> _Exercise goal_
Only the number is needed: how many lines of the entries below contain the word "RESET".

Data entries
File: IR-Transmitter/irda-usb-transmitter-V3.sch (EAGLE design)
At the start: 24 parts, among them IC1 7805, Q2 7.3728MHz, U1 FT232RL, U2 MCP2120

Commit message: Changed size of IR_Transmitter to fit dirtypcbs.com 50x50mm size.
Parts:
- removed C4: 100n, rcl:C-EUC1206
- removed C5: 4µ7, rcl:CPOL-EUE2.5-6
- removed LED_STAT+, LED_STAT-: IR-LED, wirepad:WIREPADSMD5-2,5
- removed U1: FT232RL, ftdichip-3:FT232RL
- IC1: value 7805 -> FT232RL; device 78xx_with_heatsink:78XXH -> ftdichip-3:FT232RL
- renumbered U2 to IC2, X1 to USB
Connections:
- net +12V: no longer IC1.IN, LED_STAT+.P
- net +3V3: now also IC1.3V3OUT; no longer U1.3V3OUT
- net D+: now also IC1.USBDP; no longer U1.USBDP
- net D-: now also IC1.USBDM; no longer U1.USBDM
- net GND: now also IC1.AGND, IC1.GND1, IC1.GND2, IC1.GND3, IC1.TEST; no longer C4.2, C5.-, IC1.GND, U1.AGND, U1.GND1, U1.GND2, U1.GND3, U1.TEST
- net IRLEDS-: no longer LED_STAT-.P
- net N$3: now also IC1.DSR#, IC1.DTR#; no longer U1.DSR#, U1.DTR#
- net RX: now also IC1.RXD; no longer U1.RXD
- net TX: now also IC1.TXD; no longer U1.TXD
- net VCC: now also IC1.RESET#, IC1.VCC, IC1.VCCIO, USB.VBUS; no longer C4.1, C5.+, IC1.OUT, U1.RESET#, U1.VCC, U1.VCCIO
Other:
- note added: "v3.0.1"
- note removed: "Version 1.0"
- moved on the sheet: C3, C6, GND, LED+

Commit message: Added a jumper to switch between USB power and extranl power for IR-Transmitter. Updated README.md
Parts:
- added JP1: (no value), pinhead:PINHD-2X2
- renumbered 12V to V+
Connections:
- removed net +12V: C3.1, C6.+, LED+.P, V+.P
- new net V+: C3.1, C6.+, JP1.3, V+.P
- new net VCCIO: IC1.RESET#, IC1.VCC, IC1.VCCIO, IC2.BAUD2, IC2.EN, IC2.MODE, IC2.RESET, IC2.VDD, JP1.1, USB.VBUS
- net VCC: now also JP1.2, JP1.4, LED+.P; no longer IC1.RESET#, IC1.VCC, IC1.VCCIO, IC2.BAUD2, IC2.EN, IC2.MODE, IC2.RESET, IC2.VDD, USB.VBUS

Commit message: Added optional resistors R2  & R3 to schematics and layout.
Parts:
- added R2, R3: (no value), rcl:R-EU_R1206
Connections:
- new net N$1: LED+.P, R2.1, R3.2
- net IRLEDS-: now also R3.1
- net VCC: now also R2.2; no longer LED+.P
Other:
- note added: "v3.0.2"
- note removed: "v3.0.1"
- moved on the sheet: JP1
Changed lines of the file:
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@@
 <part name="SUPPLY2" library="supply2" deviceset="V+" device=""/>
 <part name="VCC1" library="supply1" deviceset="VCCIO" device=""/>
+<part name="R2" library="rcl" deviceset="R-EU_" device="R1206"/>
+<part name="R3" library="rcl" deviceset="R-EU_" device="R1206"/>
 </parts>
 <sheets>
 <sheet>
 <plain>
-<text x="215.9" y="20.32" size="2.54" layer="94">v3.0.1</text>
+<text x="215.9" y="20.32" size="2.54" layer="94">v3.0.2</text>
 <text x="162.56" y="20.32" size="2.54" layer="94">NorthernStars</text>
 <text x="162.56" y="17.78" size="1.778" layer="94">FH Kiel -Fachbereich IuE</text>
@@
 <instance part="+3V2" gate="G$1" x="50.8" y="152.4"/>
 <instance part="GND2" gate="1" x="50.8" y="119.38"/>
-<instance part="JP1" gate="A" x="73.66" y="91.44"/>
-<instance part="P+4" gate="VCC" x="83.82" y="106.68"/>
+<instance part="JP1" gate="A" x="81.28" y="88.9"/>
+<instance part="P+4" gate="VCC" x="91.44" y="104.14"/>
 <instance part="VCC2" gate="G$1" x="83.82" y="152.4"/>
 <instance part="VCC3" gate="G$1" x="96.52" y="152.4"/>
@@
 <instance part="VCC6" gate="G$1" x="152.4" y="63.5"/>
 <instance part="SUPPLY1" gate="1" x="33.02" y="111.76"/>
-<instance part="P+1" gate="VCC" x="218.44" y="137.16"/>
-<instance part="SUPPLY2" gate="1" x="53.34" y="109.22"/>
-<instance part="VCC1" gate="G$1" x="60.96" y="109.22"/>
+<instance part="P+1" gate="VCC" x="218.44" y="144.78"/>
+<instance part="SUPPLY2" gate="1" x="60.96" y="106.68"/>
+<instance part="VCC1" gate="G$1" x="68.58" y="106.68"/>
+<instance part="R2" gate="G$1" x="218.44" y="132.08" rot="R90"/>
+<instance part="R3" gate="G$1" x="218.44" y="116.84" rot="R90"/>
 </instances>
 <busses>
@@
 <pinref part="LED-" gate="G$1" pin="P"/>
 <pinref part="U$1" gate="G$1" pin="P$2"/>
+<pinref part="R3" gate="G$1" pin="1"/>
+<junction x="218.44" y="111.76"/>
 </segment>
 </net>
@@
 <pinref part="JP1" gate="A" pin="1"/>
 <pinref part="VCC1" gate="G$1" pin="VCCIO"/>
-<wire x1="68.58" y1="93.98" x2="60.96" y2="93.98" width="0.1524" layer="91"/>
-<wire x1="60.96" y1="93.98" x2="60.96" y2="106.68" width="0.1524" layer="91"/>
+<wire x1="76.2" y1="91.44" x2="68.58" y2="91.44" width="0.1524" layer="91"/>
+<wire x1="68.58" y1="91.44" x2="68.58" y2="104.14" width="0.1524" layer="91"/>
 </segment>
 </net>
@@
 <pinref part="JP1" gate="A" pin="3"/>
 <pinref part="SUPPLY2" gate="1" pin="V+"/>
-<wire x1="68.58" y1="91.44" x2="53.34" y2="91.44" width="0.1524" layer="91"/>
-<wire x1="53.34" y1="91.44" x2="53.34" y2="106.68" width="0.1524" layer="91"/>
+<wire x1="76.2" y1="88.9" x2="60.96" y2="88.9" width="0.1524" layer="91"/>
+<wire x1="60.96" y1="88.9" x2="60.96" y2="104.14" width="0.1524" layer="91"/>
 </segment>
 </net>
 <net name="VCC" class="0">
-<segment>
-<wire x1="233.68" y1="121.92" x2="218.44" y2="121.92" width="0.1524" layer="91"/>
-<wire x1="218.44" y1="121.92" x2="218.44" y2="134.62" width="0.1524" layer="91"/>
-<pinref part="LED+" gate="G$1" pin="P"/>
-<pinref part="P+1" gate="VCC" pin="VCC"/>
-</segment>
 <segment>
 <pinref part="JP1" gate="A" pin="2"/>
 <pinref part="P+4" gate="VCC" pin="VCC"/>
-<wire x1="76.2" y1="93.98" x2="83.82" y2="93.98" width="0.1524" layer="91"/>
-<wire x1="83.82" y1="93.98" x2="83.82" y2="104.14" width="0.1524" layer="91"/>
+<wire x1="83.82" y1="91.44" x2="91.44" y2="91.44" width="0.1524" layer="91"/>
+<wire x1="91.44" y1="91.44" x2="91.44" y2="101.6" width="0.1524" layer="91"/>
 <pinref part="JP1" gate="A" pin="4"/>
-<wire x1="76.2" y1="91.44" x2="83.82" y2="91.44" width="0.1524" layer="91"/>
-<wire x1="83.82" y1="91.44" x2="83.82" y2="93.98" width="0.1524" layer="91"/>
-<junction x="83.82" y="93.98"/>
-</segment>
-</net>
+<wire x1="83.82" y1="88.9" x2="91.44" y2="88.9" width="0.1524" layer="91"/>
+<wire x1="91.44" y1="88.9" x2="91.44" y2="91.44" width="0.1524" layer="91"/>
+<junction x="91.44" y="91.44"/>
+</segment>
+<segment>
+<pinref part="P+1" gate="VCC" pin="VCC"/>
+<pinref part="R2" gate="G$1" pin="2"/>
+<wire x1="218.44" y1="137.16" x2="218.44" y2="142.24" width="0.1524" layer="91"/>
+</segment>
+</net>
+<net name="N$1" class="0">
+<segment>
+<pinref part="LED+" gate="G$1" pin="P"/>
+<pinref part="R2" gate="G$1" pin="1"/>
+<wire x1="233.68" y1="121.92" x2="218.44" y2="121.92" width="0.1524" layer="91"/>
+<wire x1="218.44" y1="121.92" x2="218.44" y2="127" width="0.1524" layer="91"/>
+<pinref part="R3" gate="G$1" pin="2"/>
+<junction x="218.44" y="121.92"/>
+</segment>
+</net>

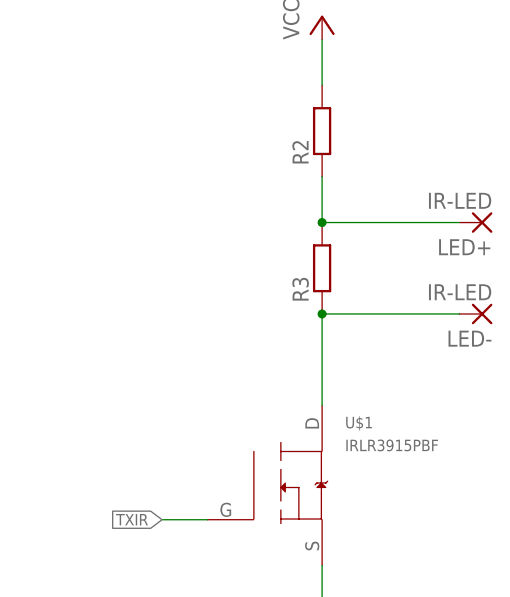
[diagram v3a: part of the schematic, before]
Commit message: Updated Board layouts an schematics
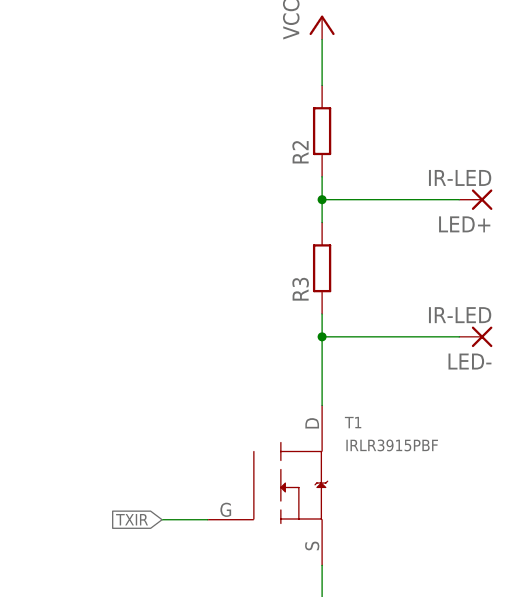
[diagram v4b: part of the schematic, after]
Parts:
- renumbered U$1 to T1
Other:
- moved on the sheet: LED+, LED-
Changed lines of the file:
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@@
 <?xml version="1.0" encoding="utf-8"?>
 <!DOCTYPE eagle SYSTEM "eagle.dtd">
-<eagle version="6.3">
+<eagle version="7.2.0">
 <drawing>
 <settings>
@@
 <part name="H3" library="holes" deviceset="MOUNT-HOLE" device="2.8"/>
 <part name="H4" library="holes" deviceset="MOUNT-HOLE" device="2.8"/>
-<part name="U$1" library="international" deviceset="IRLR3915PBF" device=""/>
+<part name="T1" library="international" deviceset="IRLR3915PBF" device=""/>
 <part name="GND14" library="supply1" deviceset="GND" device=""/>
 <part name="IC2" library="microchip" deviceset="MCP2120" device=""/>
@@
 <instance part="H3" gate="G$1" x="20.32" y="27.94"/>
 <instance part="H4" gate="G$1" x="20.32" y="20.32"/>
-<instance part="U$1" gate="G$1" x="213.36" y="93.98"/>
+<instance part="T1" gate="G$1" x="213.36" y="93.98"/>
 <instance part="GND14" gate="1" x="33.02" y="78.74"/>
 <instance part="IC2" gate="G$1" x="127" y="45.72"/>
 <instance part="GND15" gate="1" x="147.32" y="10.16"/>
-<instance part="LED+" gate="G$1" x="236.22" y="121.92" rot="R180"/>
-<instance part="LED-" gate="G$1" x="236.22" y="111.76" rot="R180"/>
+<instance part="LED+" gate="G$1" x="236.22" y="124.46" rot="R180"/>
+<instance part="LED-" gate="G$1" x="236.22" y="109.22" rot="R180"/>
 <instance part="V+" gate="1" x="22.86" y="99.06"/>
 <instance part="GND" gate="1" x="22.86" y="86.36"/>
@@
 <segment>
 <wire x1="218.44" y1="83.82" x2="218.44" y2="76.2" width="0.1524" layer="91"/>
-<pinref part="U$1" gate="G$1" pin="P$3"/>
+<pinref part="T1" gate="G$1" pin="P$3"/>
 <pinref part="GND7" gate="1" pin="GND"/>
 </segment>
@@
 <net name="IRLEDS-" class="0">
 <segment>
-<wire x1="233.68" y1="111.76" x2="218.44" y2="111.76" width="0.1524" layer="91"/>
-<wire x1="218.44" y1="111.76" x2="218.44" y2="101.6" width="0.1524" layer="91"/>
+<wire x1="218.44" y1="111.76" x2="218.44" y2="109.22" width="0.1524" layer="91"/>
+<pinref part="T1" gate="G$1" pin="P$2"/>
+<pinref part="R3" gate="G$1" pin="1"/>
 <pinref part="LED-" gate="G$1" pin="P"/>
-<pinref part="U$1" gate="G$1" pin="P$2"/>
-<pinref part="R3" gate="G$1" pin="1"/>
-<junction x="218.44" y="111.76"/>
+<wire x1="218.44" y1="109.22" x2="218.44" y2="101.6" width="0.1524" layer="91"/>
+<wire x1="233.68" y1="109.22" x2="218.44" y2="109.22" width="0.1524" layer="91"/>
+<junction x="218.44" y="109.22"/>
 </segment>
 </net>
@@
 <wire x1="200.66" y1="88.9" x2="205.74" y2="88.9" width="0.1524" layer="91"/>
 <label x="200.66" y="88.9" size="1.27" layer="95" rot="R180" xref="yes"/>
-<pinref part="U$1" gate="G$1" pin="G"/>
+<pinref part="T1" gate="G$1" pin="G"/>
 </segment>
 </net>
@@
 <net name="N$1" class="0">
 <segment>
+<pinref part="R2" gate="G$1" pin="1"/>
+<wire x1="218.44" y1="121.92" x2="218.44" y2="124.46" width="0.1524" layer="91"/>
+<pinref part="R3" gate="G$1" pin="2"/>
 <pinref part="LED+" gate="G$1" pin="P"/>
-<pinref part="R2" gate="G$1" pin="1"/>
-<wire x1="233.68" y1="121.92" x2="218.44" y2="121.92" width="0.1524" layer="91"/>
-<wire x1="218.44" y1="121.92" x2="218.44" y2="127" width="0.1524" layer="91"/>
-<pinref part="R3" gate="G$1" pin="2"/>
-<junction x="218.44" y="121.92"/>
-</segment>
-</net>
+<wire x1="218.44" y1="124.46" x2="218.44" y2="127" width="0.1524" layer="91"/>
+<wire x1="233.68" y1="124.46" x2="218.44" y2="124.46" width="0.1524" layer="91"/>
+<junction x="218.44" y="124.46"/>
+</segment>
+</net>

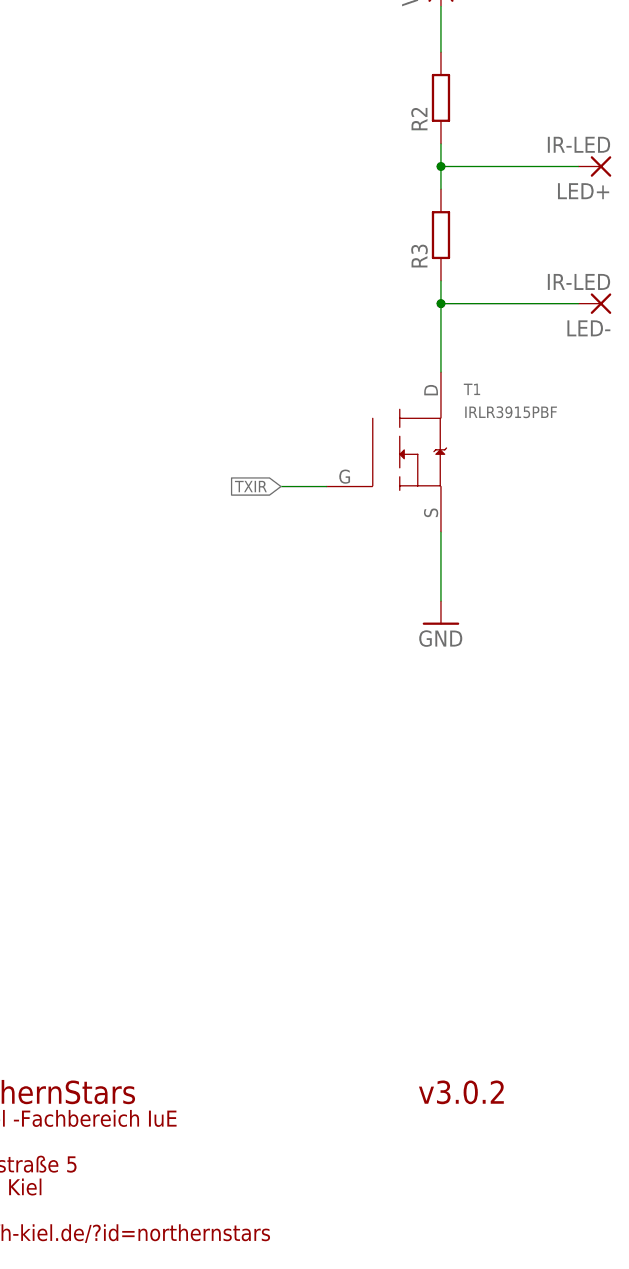
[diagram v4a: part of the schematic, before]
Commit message: Fixed layout errors. Layout is now tested.
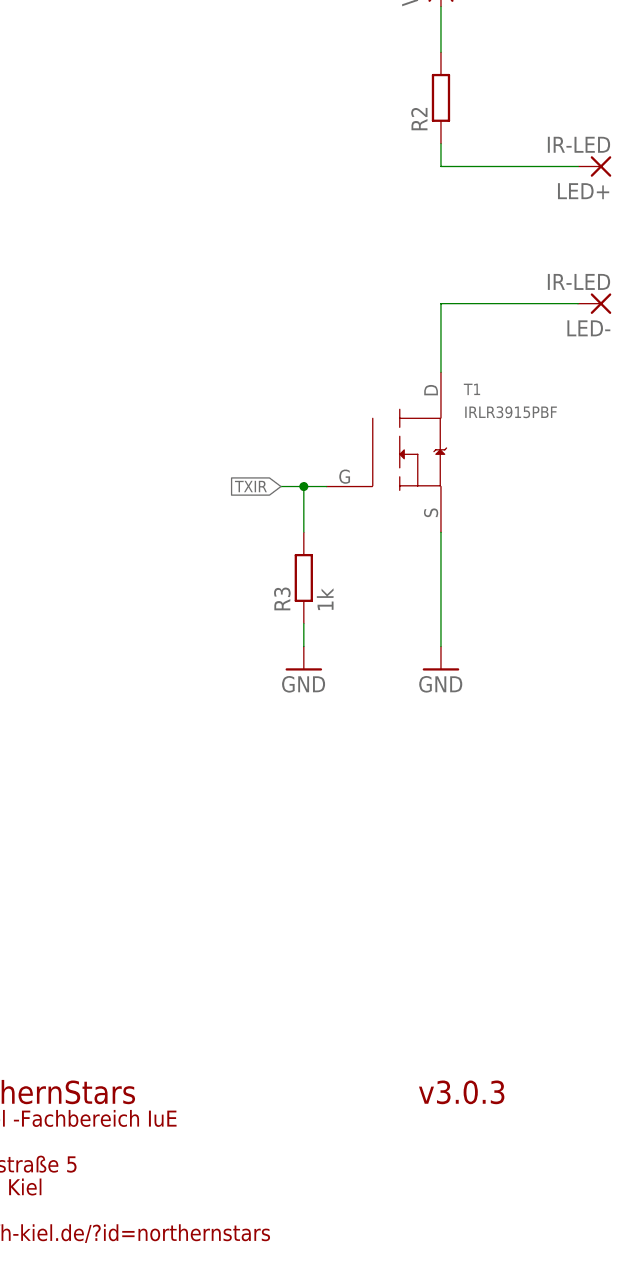
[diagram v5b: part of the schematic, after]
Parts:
- R3: value (none) -> 1k
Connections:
- net GND: now also R3.1
- net IRLEDS-: no longer R3.1
- net N$1: no longer R3.2
- net TXIR: now also R3.2
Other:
- note added: "v3.0.3"
- note removed: "v3.0.2"
- moved on the sheet: R3
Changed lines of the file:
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@@
 <part name="VCC1" library="supply1" deviceset="VCCIO" device=""/>
 <part name="R2" library="rcl" deviceset="R-EU_" device="R1206"/>
-<part name="R3" library="rcl" deviceset="R-EU_" device="R1206"/>
+<part name="R3" library="rcl" deviceset="R-EU_" device="R1206" value="1k"/>
+<part name="GND1" library="supply1" deviceset="GND" device=""/>
 </parts>
 <sheets>
 <sheet>
 <plain>
-<text x="215.9" y="20.32" size="2.54" layer="94">v3.0.2</text>
+<text x="215.9" y="20.32" size="2.54" layer="94">v3.0.3</text>
 <text x="162.56" y="20.32" size="2.54" layer="94">NorthernStars</text>
 <text x="162.56" y="17.78" size="1.778" layer="94">FH Kiel -Fachbereich IuE</text>
@@
 <instance part="C2" gate="G$1" x="101.6" y="22.86"/>
 <instance part="Q2" gate="G$1" x="93.98" y="35.56"/>
-<instance part="GND7" gate="1" x="218.44" y="73.66"/>
+<instance part="GND7" gate="1" x="218.44" y="68.58"/>
 <instance part="+3V1" gate="G$1" x="104.14" y="152.4"/>
 <instance part="GND4" gate="1" x="93.98" y="10.16"/>
@@
 <instance part="VCC1" gate="G$1" x="68.58" y="106.68"/>
 <instance part="R2" gate="G$1" x="218.44" y="132.08" rot="R90"/>
-<instance part="R3" gate="G$1" x="218.44" y="116.84" rot="R90"/>
+<instance part="R3" gate="G$1" x="203.2" y="78.74" rot="R90"/>
+<instance part="GND1" gate="1" x="203.2" y="68.58"/>
 </instances>
 <busses>
@@
 </segment>
 <segment>
-<wire x1="218.44" y1="83.82" x2="218.44" y2="76.2" width="0.1524" layer="91"/>
+<wire x1="218.44" y1="83.82" x2="218.44" y2="71.12" width="0.1524" layer="91"/>
 <pinref part="T1" gate="G$1" pin="P$3"/>
 <pinref part="GND7" gate="1" pin="GND"/>
@@
 <wire x1="50.8" y1="121.92" x2="50.8" y2="134.62" width="0.1524" layer="91"/>
 </segment>
+<segment>
+<pinref part="GND1" gate="1" pin="GND"/>
+<pinref part="R3" gate="G$1" pin="1"/>
+<wire x1="203.2" y1="73.66" x2="203.2" y2="71.12" width="0.1524" layer="91"/>
+</segment>
 </net>
 <net name="D+" class="0">
@@
 <net name="IRLEDS-" class="0">
 <segment>
-<wire x1="218.44" y1="111.76" x2="218.44" y2="109.22" width="0.1524" layer="91"/>
 <pinref part="T1" gate="G$1" pin="P$2"/>
-<pinref part="R3" gate="G$1" pin="1"/>
 <pinref part="LED-" gate="G$1" pin="P"/>
 <wire x1="218.44" y1="109.22" x2="218.44" y2="101.6" width="0.1524" layer="91"/>
 <wire x1="233.68" y1="109.22" x2="218.44" y2="109.22" width="0.1524" layer="91"/>
-<junction x="218.44" y="109.22"/>
 </segment>
 </net>
@@
 </segment>
 <segment>
-<wire x1="200.66" y1="88.9" x2="205.74" y2="88.9" width="0.1524" layer="91"/>
+<wire x1="200.66" y1="88.9" x2="203.2" y2="88.9" width="0.1524" layer="91"/>
 <label x="200.66" y="88.9" size="1.27" layer="95" rot="R180" xref="yes"/>
 <pinref part="T1" gate="G$1" pin="G"/>
+<pinref part="R3" gate="G$1" pin="2"/>
+<wire x1="203.2" y1="88.9" x2="205.74" y2="88.9" width="0.1524" layer="91"/>
+<wire x1="203.2" y1="83.82" x2="203.2" y2="88.9" width="0.1524" layer="91"/>
+<junction x="203.2" y="88.9"/>
 </segment>
 </net>
@@
 <segment>
 <pinref part="R2" gate="G$1" pin="1"/>
-<wire x1="218.44" y1="121.92" x2="218.44" y2="124.46" width="0.1524" layer="91"/>
-<pinref part="R3" gate="G$1" pin="2"/>
 <pinref part="LED+" gate="G$1" pin="P"/>
 <wire x1="218.44" y1="124.46" x2="218.44" y2="127" width="0.1524" layer="91"/>
 <wire x1="233.68" y1="124.46" x2="218.44" y2="124.46" width="0.1524" layer="91"/>
-<junction x="218.44" y="124.46"/>
-</segment>
-</net>
+</segment>
+</net>

> _Solution for this task_
3